TASK DESCRIPTION:
Across the entries below, count the lines in which the word "board" occurs. Reply with the count alone.

■ ■ ■

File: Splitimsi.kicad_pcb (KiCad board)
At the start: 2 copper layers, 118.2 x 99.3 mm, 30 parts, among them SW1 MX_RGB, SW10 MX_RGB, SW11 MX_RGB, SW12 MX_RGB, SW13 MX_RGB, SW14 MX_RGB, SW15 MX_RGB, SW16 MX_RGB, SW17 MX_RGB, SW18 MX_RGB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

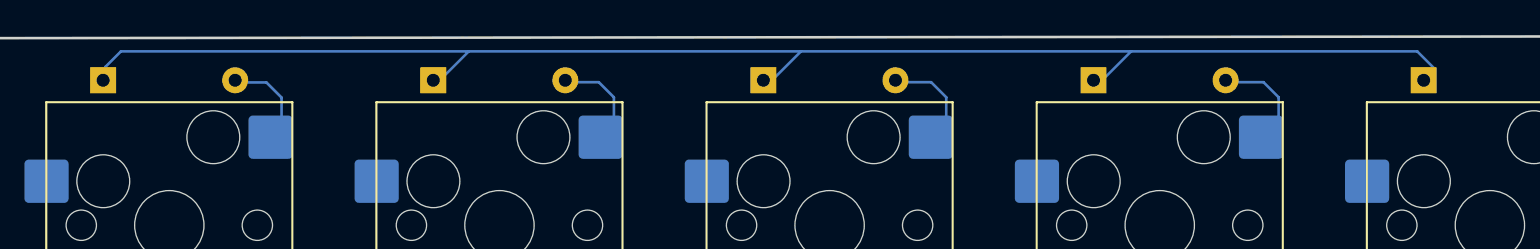
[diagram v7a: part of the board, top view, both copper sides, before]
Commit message: Rows and Columns labels connected to the MCU
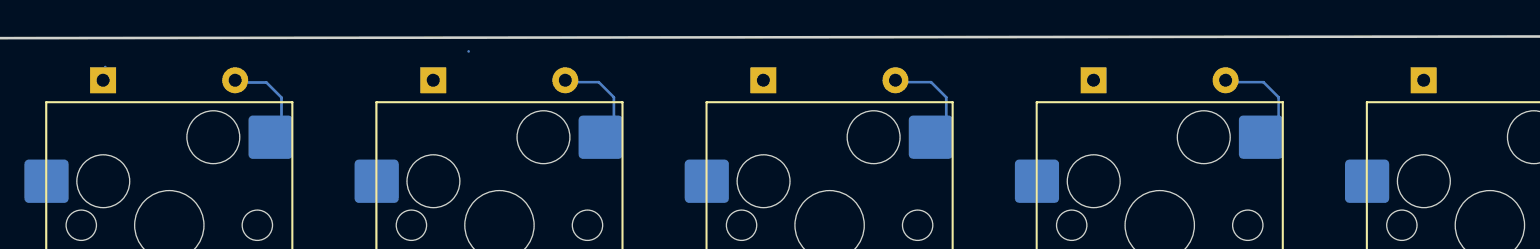
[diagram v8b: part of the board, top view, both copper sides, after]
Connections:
- U1 pad 10: unconnected-(U1-Pad10) -> /Col5
- U1 pad 11: unconnected-(U1-Pad11) -> /Row0
- U1 pad 12: unconnected-(U1-Pad12) -> /Row1
- U1 pad 13: unconnected-(U1-Pad13) -> /Row2
- U1 pad 14: unconnected-(U1-Pad14) -> /Row3
- U1 pad 15: unconnected-(U1-Pad15) -> /Row4
- U1 pad 5: unconnected-(U1-Pad5) -> /Col0
- U1 pad 6: unconnected-(U1-Pad6) -> /Col1
- U1 pad 7: unconnected-(U1-Pad7) -> /Col2
- U1 pad 8: unconnected-(U1-Pad8) -> /Col3
- U1 pad 9: unconnected-(U1-Pad9) -> /Col4
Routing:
- net /Row0: track 86.7 -> 1.83 mm

■ ■ ■

YOUR RESPONSE:
3